**WHAT IS EXPECTED:**
Tally the lines below that include "both" and give only the total.

**TASK INPUT:**
+++++
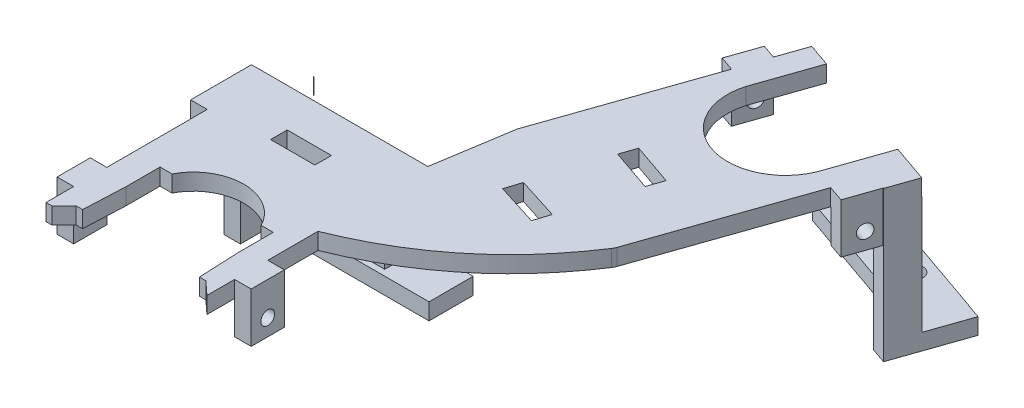
from build123d import *

# Parameters (mm, degrees)
SKETCH1_W                 = 29.13
SKETCH1_H                 = 40.2
BOSS_EXTRUDE1_DEPTH       = 3
SKETCH3_W                 = 6
SKETCH3_H                 = 3
BOSS_EXTRUDE2_DEPTH       = 3
SKETCH4_W                 = 3
SKETCH4_H                 = 6
BOSS_EXTRUDE3_DEPTH       = 6
SKETCH6_W                 = 6
SKETCH6_H                 = 3
BOSS_EXTRUDE4_DEPTH       = 2
SKETCH7_W                 = 3.000000005
SKETCH7_H                 = 6
BOSS_EXTRUDE6_DEPTH       = 6
SKETCH9_R                 = 1.25
CUT_EXTRUDE1_DEPTH        = 3
SKETCH8_R                 = 1.250000001
CUT_EXTRUDE2_DEPTH        = 3
SKETCH11_W                = 6
SKETCH11_H                = 3
BOSS_EXTRUDE7_DEPTH       = 3
SKETCH19_W                = 3
SKETCH19_H                = 6
BOSS_EXTRUDE11_DEPTH      = 6
SKETCH21_W                = 6
SKETCH21_H                = 3
BOSS_EXTRUDE12_DEPTH      = 3
SKETCH22_W                = 3
SKETCH22_H                = 6
BOSS_EXTRUDE13_DEPTH      = 6
SKETCH24_R                = 1.25
CUT_EXTRUDE5_DEPTH        = 4
SKETCH23_R                = 1.25
CUT_EXTRUDE6_DEPTH        = 4
CUT_EXTRUDE8_DEPTH        = 4
CUT_EXTRUDE11_DEPTH       = 4
SKETCH30_W                = 25.92
SKETCH30_H                = 3
CUT_EXTRUDE12_DEPTH       = 15
SKETCH33_W                = 29.17650364
SKETCH33_H                = 3
BOSS_EXTRUDE14_DEPTH      = 40.3
SKETCH34_W                = 21.00258235
SKETCH34_H                = 3
CUT_EXTRUDE15_DEPTH       = 25
CUT_EXTRUDE16_DEPTH       = 5
SKETCH37_W                = 4.5
SKETCH37_H                = 3
SKETCH37_W_2              = 1.5
BOSS_EXTRUDE15_DEPTH      = 3
BOSS_EXTRUDE16_DEPTH      = 6
SKETCH41_W                = 6
SKETCH41_H                = 3
BOSS_EXTRUDE17_DEPTH      = 3
BOSS_EXTRUDE18_DEPTH      = 6
SKETCH46_W                = 5.02
SKETCH46_H                = 3
BOSS_EXTRUDE19_DEPTH      = 3
SKETCH48_W                = 3
SKETCH48_H                = 5.02
BOSS_EXTRUDE20_DEPTH      = 21.1
BOSS_EXTRUDE22_DEPTH      = 29.13
BOSS_EXTRUDE22_DEPTH_BACK = 3
SKETCH50_W                = 8
SKETCH50_H                = 3
SKETCH51_R                = 1.75
CUT_EXTRUDE21_DEPTH       = 5
SKETCH56_W                = 3.994197227
SKETCH56_H                = 3.994197227
CUT_EXTRUDE26_DEPTH       = 0.1
FILLET4_START             = -19
FILLET4_DEPTH             = 5
BOSS_EXTRUDE28_DEPTH      = 0.21
BOSS_EXTRUDE29_DEPTH      = 3
BOSS_EXTRUDE30_DEPTH      = 1.95
BOSS_EXTRUDE30_DEPTH_BACK = 4
SKETCH68_W                = 4.32399603
SKETCH68_H                = 3
SKETCH69_W                = 3.919724064
SKETCH69_H                = 3
BOSS_EXTRUDE31_DEPTH      = 1.83
SKETCH70_W                = 5.44243662
SKETCH70_H                = 3
BOSS_EXTRUDE32_DEPTH      = 3.1
BOSS_EXTRUDE33_DEPTH      = 24.17
SKETCH72_W                = 2.9
SKETCH72_H                = 2.93342148
BOSS_EXTRUDE34_DEPTH      = 8
SKETCH73_W                = 8
SKETCH73_H                = 2.93342148
BOSS_EXTRUDE35_DEPTH      = 29.31
SKETCH74_R                = 1.75
CUT_EXTRUDE27_DEPTH       = 5
SKETCH75_R                = 1.25
CUT_EXTRUDE28_DEPTH       = 5
SKETCH76_R                = 1.25
CUT_EXTRUDE29_DEPTH       = 5
BOSS_EXTRUDE36_DEPTH      = 3
BOSS_EXTRUDE37_DEPTH      = 3
SKETCH79_W                = 8
SKETCH79_H                = 3
CUT_EXTRUDE30_DEPTH       = 10
CUT_EXTRUDE31_DEPTH       = 10


with BuildPart() as part:
    # Sketch1 → Boss-Extrude1 (new body)
    with BuildSketch(Plane(origin=(0, 0, 0), x_dir=(1, 0, 0), z_dir=(0, 1, 0))):
        with Locations((-32.231128585, -983.966354464)):
            Rectangle(SKETCH1_W, SKETCH1_H)
        with BuildLine():
            Line((-15.507778999, -950.239071497), (-17.666128585, -963.866354464))
            Line((-17.666128585, -963.866354464), (-17.666128585, -983.966354464))
            add(Edge.make_bspline(
                [(11.825950039, -959.709415703), (1.028086592, -976.494542347), (-17.666128585, -983.966354464)],
                knots=[0, 0, 0, 1, 1, 1], degree=2))
            Line((11.825950039, -959.709415703), (-15.497121464, -950.208422428))
            Line((-15.497121464, -950.208422428), (-15.507778999, -950.239071497))
        make_face()
    extrude(amount=-BOSS_EXTRUDE1_DEPTH)

    # Sketch3 → Boss-Extrude2 (add)
    with BuildSketch(Plane.ZY.offset(46.796128585)):
        with Locations((971.886354464, -1.5)):
            Rectangle(SKETCH3_W, SKETCH3_H)
    extrude(amount=BOSS_EXTRUDE2_DEPTH)

    # Sketch4 → Boss-Extrude3 (add)
    with BuildSketch(Plane.XZ.offset(3)):
        with Locations((-48.296128585, 971.886354464)):
            Rectangle(SKETCH4_W, SKETCH4_H)
    extrude(amount=BOSS_EXTRUDE3_DEPTH)

    # Sketch6 → Boss-Extrude4 (add)
    with BuildSketch(Plane(origin=(-17.666128585, 0, 0), x_dir=(0, 0, -1), z_dir=(1, 0, 0))):
        with Locations((-971.886354464, -1.5)):
            Rectangle(SKETCH6_W, SKETCH6_H)
    extrude(amount=BOSS_EXTRUDE4_DEPTH)

    # Sketch7 → Boss-Extrude6 (add)
    with BuildSketch(Plane.XZ.offset(3)):
        with Locations((-16.166128583, 971.886354464)):
            Rectangle(SKETCH7_W, SKETCH7_H)
    extrude(amount=BOSS_EXTRUDE6_DEPTH)

    # Sketch9 → Cut-Extrude1 (cut)
    with BuildSketch(Plane.ZY.offset(17.666128585)):
        with Locations((972.066354464, -6)):
            Circle(SKETCH9_R)
    extrude(amount=-CUT_EXTRUDE1_DEPTH, mode=Mode.SUBTRACT)

    # Sketch8 → Cut-Extrude2 (cut)
    with BuildSketch(Plane(origin=(-49.796128585, 0, 0), x_dir=(0, 0, -1), z_dir=(1, 0, 0))):
        with Locations(Location((-972.066168305, -5.999675203, 0), (0, 0, 180))):
            Circle(SKETCH8_R)
    extrude(amount=CUT_EXTRUDE2_DEPTH, mode=Mode.SUBTRACT)

    # Sketch11 → Boss-Extrude7 (add)
    with BuildSketch(Plane.ZY.offset(46.796128585)):
        with Locations((996.056354464, -1.5)):
            Rectangle(SKETCH11_W, SKETCH11_H)
    extrude(amount=BOSS_EXTRUDE7_DEPTH)

    # Sketch19 → Boss-Extrude11 (add)
    with BuildSketch(Plane.XZ.offset(3)):
        with Locations((-48.296128585, 996.056354464)):
            Rectangle(SKETCH19_W, SKETCH19_H)
    extrude(amount=BOSS_EXTRUDE11_DEPTH)

    # Sketch21 → Boss-Extrude12 (add)
    with BuildSketch(Plane(origin=(-17.666128585, 0, 0), x_dir=(0, 0, -1), z_dir=(1, 0, 0))):
        with Locations((-996.056354464, -1.5)):
            Rectangle(SKETCH21_W, SKETCH21_H)
    extrude(amount=BOSS_EXTRUDE12_DEPTH)

    # Sketch22 → Boss-Extrude13 (add)
    with BuildSketch(Plane.XZ.offset(3)):
        with Locations((-16.166128585, 996.056354464)):
            Rectangle(SKETCH22_W, SKETCH22_H)
    extrude(amount=BOSS_EXTRUDE13_DEPTH)

    # Sketch24 → Cut-Extrude5 (cut)
    with BuildSketch(Plane(origin=(-46.796128585, 0, 0), x_dir=(0, 0, -1), z_dir=(1, 0, 0))):
        with Locations((-996.058375158, -6)):
            Circle(SKETCH24_R)
    extrude(amount=-CUT_EXTRUDE5_DEPTH, mode=Mode.SUBTRACT)

    # Sketch23 → Cut-Extrude6 (cut)
    with BuildSketch(Plane.ZY.offset(17.666128585)):
        with Locations((996.058154464, -6)):
            Circle(SKETCH23_R)
    extrude(amount=-CUT_EXTRUDE6_DEPTH, mode=Mode.SUBTRACT)

    # Sketch28 → Cut-Extrude8 (cut)
    with BuildSketch(Plane(origin=(0, 0, 0), x_dir=(1, 0, 0), z_dir=(0, 1, 0))):
        Polygon((-39.266128585, -975.05646378), (-24.308019321, -978.056409122), (-24.326128585, -981.056354464), (-39.266128585, -978.146354464), align=None)
    extrude(amount=-CUT_EXTRUDE8_DEPTH, mode=Mode.SUBTRACT)

    # Sketch29 → Cut-Extrude11 (cut)
    with BuildSketch(Plane(origin=(0, 0, 0), x_dir=(1, 0, 0), z_dir=(0, 1, 0))):
        Polygon((-39.266128585, -975.05646378), (-39.865804676, -988.183184315), (-42.032837695, -988.183184315), (-42.032837695, -994.347976596), (-42.376382193, -1001.868057312), (-43.532474114, -1001.868057312), (-45.730771266, -1004.066354464), (-39.266128585, -1004.066354464), (-39.266128585, -988.183184315), align=None)
        Polygon((-24.308019321, -978.056409122), (-24.326128585, -1004.066354464), (-17.666128585, -1004.066354464), (-20.056128585, -1001.868057312), (-21.216128585, -1001.868057312), (-21.426128585, -997.305136389), (-21.556128585, -994.347976596), (-21.556128585, -988.183184315), (-23.726128585, -988.183184315), align=None)
    extrude(amount=-CUT_EXTRUDE11_DEPTH, mode=Mode.SUBTRACT)


with BuildPart() as cut_extrude11_piece_1:
    # of the separate pieces the step leaves, piece 1, a body of its own (cut_extrude11_pieces)
    add(part.part.solids().sort_by_distance((-17.666128585, 0, 983.966354464))[0])


with BuildPart() as cut_extrude11_piece_2:
    # of the separate pieces the step leaves, piece 2, a body of its own (cut_extrude11_pieces)
    add(part.part.solids().sort_by_distance((-24.326128585, 0, 1004.066354464))[0])


with BuildPart() as cut_extrude12_tool:
    # Sketch30 → Cut-Extrude12 (new body)
    with BuildSketch(Plane.ZY.offset(39.266128585)):
        with Locations((991.106354464, -1.5)):
            Rectangle(SKETCH30_W, SKETCH30_H)
    extrude(amount=-CUT_EXTRUDE12_DEPTH)


with BuildPart() as cut_extrude11_piece_1_1:
    add(cut_extrude11_piece_1.part)

    # Cut-Extrude12: cut by cut_extrude12_tool
    add(cut_extrude12_tool.part, mode=Mode.SUBTRACT)

    # Sketch33 → Boss-Extrude14 (add)
    with BuildSketch(Plane(origin=(-296.443416752, 0, 852.515567448), x_dir=(-0.9445255798324886, 0, -0.32843786176703366), z_dir=(0.3284378617670337, 0, -0.9445255798324887))):
        with Locations((-311.77524668, -1.5)):
            Rectangle(SKETCH33_W, SKETCH33_H)
    extrude(amount=BOSS_EXTRUDE14_DEPTH)

    # Sketch34 → Cut-Extrude15 (cut)
    with BuildSketch(Plane(origin=(-283.207370923, 0, 814.451186581), x_dir=(-0.9445255798324887, 0, -0.32843786176703327), z_dir=(0.32843786176703327, 0, -0.9445255798324887))):
        with Locations((-311.942483261, -1.5)):
            Rectangle(SKETCH34_W, SKETCH34_H)
    extrude(amount=-CUT_EXTRUDE15_DEPTH, mode=Mode.SUBTRACT)

    # Sketch35 → Cut-Extrude16 (cut)
    with BuildSketch(Plane(origin=(0, 0, 0), x_dir=(1, 0, 0), z_dir=(0, 1, 0))):
        Polygon((-6.699400727, -937.069026653), (11.67040627, -948.187810964), (13.138075545, -943.967069892), align=None)
    extrude(amount=-CUT_EXTRUDE16_DEPTH, mode=Mode.SUBTRACT)

    # Sketch37 → Boss-Extrude15 (add)
    with BuildSketch(Plane(origin=(280.946295288, 0, 97.69285498), x_dir=(-0.32843786176743117, 0, 0.9445255798323505), z_dir=(-0.9445255798323505, 0, -0.32843786176743117))):
        with Locations((868.136002588, -1.5)):
            Rectangle(SKETCH37_W, SKETCH37_H)
        with Locations((871.136002588, -1.5)):
            Rectangle(SKETCH37_W_2, SKETCH37_H)
    extrude(amount=BOSS_EXTRUDE15_DEPTH)

    # Sketch39 → Boss-Extrude16 (add)
    with BuildSketch(Plane.XZ.offset(3)):
        Polygon((-6.277028676, 914.559020058), (-3.745700122, 915.439233528), (-5.716327292, 921.106387007), (-8.247655846, 920.226173537), align=None)
    extrude(amount=BOSS_EXTRUDE16_DEPTH)

    # Sketch41 → Boss-Extrude17 (add)
    with BuildSketch(Plane(origin=(308.258672657, 0, 107.190129606), x_dir=(0.3284378617670337, 0, -0.9445255798324887), z_dir=(0.9445255798324887, 0, 0.3284378617670337))):
        with Locations((-868.898439213, -1.5)):
            Rectangle(SKETCH41_W, SKETCH41_H)
    extrude(amount=BOSS_EXTRUDE17_DEPTH)

    # Sketch42 → Boss-Extrude18 (add)
    with BuildSketch(Plane.XZ.offset(3)):
        Polygon((23.893176542, 925.063208116), (21.922549371, 930.730361595), (24.727790343, 931.705822044), (26.698417514, 926.038668565), align=None)
    extrude(amount=BOSS_EXTRUDE18_DEPTH)


with BuildPart() as cut_extrude11_piece_2_1:
    add(cut_extrude11_piece_2.part)

    # Cut-Extrude12: cut by cut_extrude12_tool
    add(cut_extrude12_tool.part, mode=Mode.SUBTRACT)


with BuildPart() as body_3:
    # Mirror1: mirrored copy
    add(cut_extrude11_piece_1_1.part.mirror(Plane(origin=(0, -9, 0), x_dir=(0, 0, 1), z_dir=(0, -1, 0))))

    # Sketch46 → Boss-Extrude19 (add)
    with BuildSketch(Plane.ZY.offset(46.796128585)):
        with Locations((966.376354464, -16.5)):
            Rectangle(SKETCH46_W, SKETCH46_H)
    extrude(amount=BOSS_EXTRUDE19_DEPTH)

    # Sketch48 → Boss-Extrude20 (add)
    with BuildSketch(Plane(origin=(0, -15, 0), x_dir=(1, 0, 0), z_dir=(0, 1, 0))):
        with Locations((-48.296128585, -966.376354464)):
            Rectangle(SKETCH48_W, SKETCH48_H)
    extrude(amount=BOSS_EXTRUDE20_DEPTH)

    # Sketch50 → Boss-Extrude22 (add, two sides: drawn at the far end of the back side and taken through both)
    with BuildSketch(Plane(origin=(-46.796128585, 0, 0), x_dir=(0, 0, -1), z_dir=(1, 0, 0)).offset(-BOSS_EXTRUDE22_DEPTH_BACK)):
        with Locations((-959.866354464, 4.6)):
            Rectangle(SKETCH50_W, SKETCH50_H)
    extrude(amount=BOSS_EXTRUDE22_DEPTH + BOSS_EXTRUDE22_DEPTH_BACK)

    # Sketch51 → Cut-Extrude21 (cut)
    with BuildSketch(Plane(origin=(0, 6.1, 0), x_dir=(1, 0, 0), z_dir=(0, 1, 0))):
        with Locations(Location((-37.42112854, -959.066354487, 0), (0, 0, 270))):
            Circle(SKETCH51_R)
        with Locations(Location((-27.07112854, -959.066354497, 0), (0, 0, 270))):
            Circle(SKETCH51_R)
    extrude(amount=-CUT_EXTRUDE21_DEPTH, mode=Mode.SUBTRACT)

    # Sketch56 → Cut-Extrude26 (cut)
    with BuildSketch(Plane(origin=(-283.207370923, 0, 814.451186581), x_dir=(-0.9445255798324892, 0, -0.32843786176703227), z_dir=(0.32843786176703227, 0, -0.9445255798324892))):
        with Locations((-299.444093473, -16.997098614)):
            Rectangle(SKETCH56_W, SKETCH56_H)
    extrude(amount=-CUT_EXTRUDE26_DEPTH, mode=Mode.SUBTRACT)

    # Fillet4: read off the stored shape, not the designer's step
    # Fillet4 outline → Fillet4 (cut)
    with BuildSketch(Plane(origin=(0, 0, 0), x_dir=(1, 0, 0), z_dir=(0, 1, 0)).offset(FILLET4_START)):
        with BuildLine():
            Line((11.815255904, -959.705697054), (11.918892326, -959.407658179))
            ThreePointArc((11.918892326, -959.407658179), (11.77847749, -959.744040081), (11.598302874, -960.060909482))
            add(Edge.make_bspline(
                [(11.825950039, -959.709415703), (11.712561825, -959.885676085), (11.598302874, -960.060909482)],
                knots=[0, 0, 0, 0.010500986, 0.010500986, 0.010500986], degree=2))
            Line((11.825950039, -959.709415703), (11.815255904, -959.705697054))
        make_face()
    extrude(amount=FILLET4_DEPTH, mode=Mode.SUBTRACT)


with BuildPart() as body_3_2:
    # Mirror2: mirrored copy
    add(body_3.part.mirror(Plane(origin=(-13.535575409, -18, 962.175671275), x_dir=(0, 0, 1), z_dir=(0, -1, 0))))

    # Sketch63 → Boss-Extrude28 (add)
    with BuildSketch(Plane(origin=(131.691734271, 0, 20.857921628), x_dir=(-0.15643446504022615, 0, 0.9876883405951385), z_dir=(-0.9876883405951385, 0, -0.15643446504022615))):
        with BuildLine():
            add(Edge.make_bspline(
                [(954.763151571, -21), (947.864577189, -21), (940.966002807, -21)],
                knots=[0, 0, 0, 1, 1, 1], degree=2))
            Line((940.966002807, -21), (940.966002807, -18))
            add(Edge.make_bspline(
                [(954.763151571, -18), (947.864577189, -18), (940.966002807, -18)],
                knots=[0, 0, 0, 1, 1, 1], degree=2))
            Line((954.763151571, -18), (954.763151571, -21))
        make_face()
    extrude(amount=BOSS_EXTRUDE28_DEPTH)

    # Sketch67 → Boss-Extrude29 (add)
    with BuildSketch(Plane(origin=(0, -18, 0), x_dir=(1, 0, 0), z_dir=(0, 1, 0))):
        Polygon((-15.715193551, -950.206220259), (-15.742698114, -950.123028585), (-15.497121464, -950.208422428), (-15.507778999, -950.239071497), align=None)
    extrude(amount=-BOSS_EXTRUDE29_DEPTH)

    # Sketch68 → Boss-Extrude30 (add, two sides: drawn at the far end of the back side and taken through both)
    with BuildSketch(Plane(origin=(-283.240214709, 0, 814.545639139), x_dir=(-0.9445255798324883, -3.1744861168227707e-15, -0.32843786176703493), z_dir=(0.32843786176703493, -9.129225613729643e-15, -0.9445255798324883)).offset(-BOSS_EXTRUDE30_DEPTH_BACK)):
        with Locations((-299.279194071, -19.5)):
            Rectangle(SKETCH68_W, SKETCH68_H)
    extrude(amount=BOSS_EXTRUDE30_DEPTH + BOSS_EXTRUDE30_DEPTH_BACK)

    # Sketch69 → Boss-Extrude31 (add)
    with BuildSketch(Plane(origin=(-283.207370923, 0, 814.451186581), x_dir=(-0.9445255798324895, 0, -0.32843786176703144), z_dir=(0.32843786176703144, 0, -0.9445255798324895))):
        with Locations((-324.403636468, -19.5)):
            Rectangle(SKETCH69_W, SKETCH69_H)
    extrude(amount=BOSS_EXTRUDE31_DEPTH)

    # Sketch70 → Boss-Extrude32 (add)
    with BuildSketch(Plane(origin=(308.258672657, 0, 107.190129606), x_dir=(0.3284378617670337, 0, -0.9445255798324887), z_dir=(0.9445255798324887, 0, 0.3284378617670337))):
        with Locations((-863.177220903, -19.5)):
            Rectangle(SKETCH70_W, SKETCH70_H)
    extrude(amount=BOSS_EXTRUDE32_DEPTH)

    # Sketch71 → Boss-Extrude33 (add)
    with BuildSketch(Plane.XZ.offset(21)):
        Polygon((28.589002033, 920.906174309), (26.792870072, 926.071512351), (24.05374589, 925.119042552), (25.841248137, 919.978521948), align=None)
    extrude(amount=BOSS_EXTRUDE33_DEPTH)

    # Sketch72 → Boss-Extrude34 (add)
    with BuildSketch(Plane(origin=(-282.606329636, 0, 812.722704769), x_dir=(-0.9445255798324861, 0, -0.3284378617670412), z_dir=(0.3284378617670412, 0, -0.9445255798324861))):
        with Locations((-328.0134985, -43.70328926)):
            Rectangle(SKETCH72_W, SKETCH72_H)
    extrude(amount=BOSS_EXTRUDE34_DEPTH)

    # Sketch73 → Boss-Extrude35 (add)
    with BuildSketch(Plane(origin=(308.447577773, 0, 107.255817179), x_dir=(-0.32843786176702733, 0, 0.9445255798324909), z_dir=(-0.944525579832491, 0, -0.32843786176702733))):
        with Locations((856.429727564, -43.70328926)):
            Rectangle(SKETCH73_W, SKETCH73_H)
    extrude(amount=BOSS_EXTRUDE35_DEPTH)

    # Sketch74 → Cut-Extrude27 (cut)
    with BuildSketch(Plane.XZ.offset(45.17)):
        with Locations(Location((18.400180873, 912.294602496, 0), (0, 0, 270))):
            Circle(SKETCH74_R)
        with Locations(Location((8.624341118, 908.895270636, 0), (0, 0, 270))):
            Circle(SKETCH74_R)
    extrude(amount=-CUT_EXTRUDE27_DEPTH, mode=Mode.SUBTRACT)


with BuildPart() as body_3_3:
    # Mirror3: read off the stored shape, not the designer's step
    # Mirror3: mirrored copy
    add(body_3_2.part.mirror(Plane(origin=(0, -42.1, 0), x_dir=(1, 0, 0), z_dir=(0, 1, 0))))


with BuildPart() as body_3_4:
    # Mirror4: read off the stored shape, not the designer's step
    # Mirror4: mirrored copy
    add(body_3_3.part.mirror(Plane(origin=(0, -42.1, 0), x_dir=(1, 0, 0), z_dir=(0, 1, 0))))

    # Sketch75 → Cut-Extrude28 (cut)
    with BuildSketch(Plane(origin=(278.112718549, 0, 96.707541395), x_dir=(-0.32843786176743106, 0, 0.9445255798323505), z_dir=(-0.9445255798323505, 0, -0.32843786176743106))):
        with Locations((868.450251665, -23.999675203)):
            Circle(SKETCH75_R)
    extrude(amount=-CUT_EXTRUDE28_DEPTH, mode=Mode.SUBTRACT)

    # Sketch76 → Cut-Extrude29 (cut)
    with BuildSketch(Plane(origin=(311.092249396, 0, 108.175443191), x_dir=(0.32843786176703343, 0, -0.9445255798324887), z_dir=(0.9445255798324889, 0, 0.3284378617670335))):
        with Locations(Location((-868.450251635, -23.999675203, 0), (0, 0, 180))):
            Circle(SKETCH76_R)
    extrude(amount=-CUT_EXTRUDE29_DEPTH, mode=Mode.SUBTRACT)

    # Sketch77 → Boss-Extrude36 (add)
    with BuildSketch(Plane(origin=(0, -18, 0), x_dir=(1, 0, 0), z_dir=(0, 1, 0))):
        with BuildLine():
            Line((-39.266128585, -975.05646378), (-39.865804676, -988.183184315))
            ThreePointArc((-39.865804676, -988.183184315), (-31.795966631, -983.287739608), (-23.726128585, -988.183184315))
            Line((-23.726128585, -988.183184315), (-24.266128585, -978.146354464))
            Line((-24.266128585, -978.146354464), (-24.302851007, -978.146354464))
            Line((-24.302851007, -978.146354464), (-24.308019321, -978.056409122))
            Line((-24.308019321, -978.056409122), (-39.266128585, -975.05646378))
        make_face()
    extrude(amount=-BOSS_EXTRUDE36_DEPTH)

    # Sketch78 → Boss-Extrude37 (add)
    with BuildSketch(Plane(origin=(0, -18, 0), x_dir=(1, 0, 0), z_dir=(0, 1, 0))):
        with BuildLine():
            ThreePointArc((18.196018618, -929.421375958), (4.999614304, -935.398306421), (-1.641457655, -922.52333272))
            Line((-1.641457655, -922.52333272), (-6.699400727, -937.069026653))
            Line((-6.699400727, -937.069026653), (11.67040627, -948.187810964))
            Line((11.67040627, -948.187810964), (18.196018618, -929.421375958))
        make_face()
    extrude(amount=-BOSS_EXTRUDE37_DEPTH)

    # Sketch79 → Cut-Extrude30 (cut)
    with BuildSketch(Plane(origin=(0, -18, 0), x_dir=(1, 0, 0), z_dir=(0, 1, 0))):
        with Locations((-32.334835861, -972.368141655)):
            Rectangle(SKETCH79_W, SKETCH79_H)
        Polygon((-2.641576394, -944.743524907), (1.140719159, -946.045154788), (4.923014713, -947.346784669), (5.899237123, -944.510063004), (-1.665353983, -941.906803242), align=None)
    extrude(amount=-CUT_EXTRUDE30_DEPTH, mode=Mode.SUBTRACT)

    # Sketch84 → Cut-Extrude31 (cut)
    with BuildSketch(Plane(origin=(0, -18, 0), x_dir=(1, 0, 0), z_dir=(0, 1, 0))):
        Polygon((-7.631325194, -960.581359171), (-6.730087577, -957.719931073), (0.90038735, -960.123231383), (-0.000850266, -962.984659481), align=None)
    extrude(amount=-CUT_EXTRUDE31_DEPTH, mode=Mode.SUBTRACT)


solid = Compound([cut_extrude11_piece_2_1.part, body_3_4.part])
+++++
**RESPONSE TO THIS TASK:**
2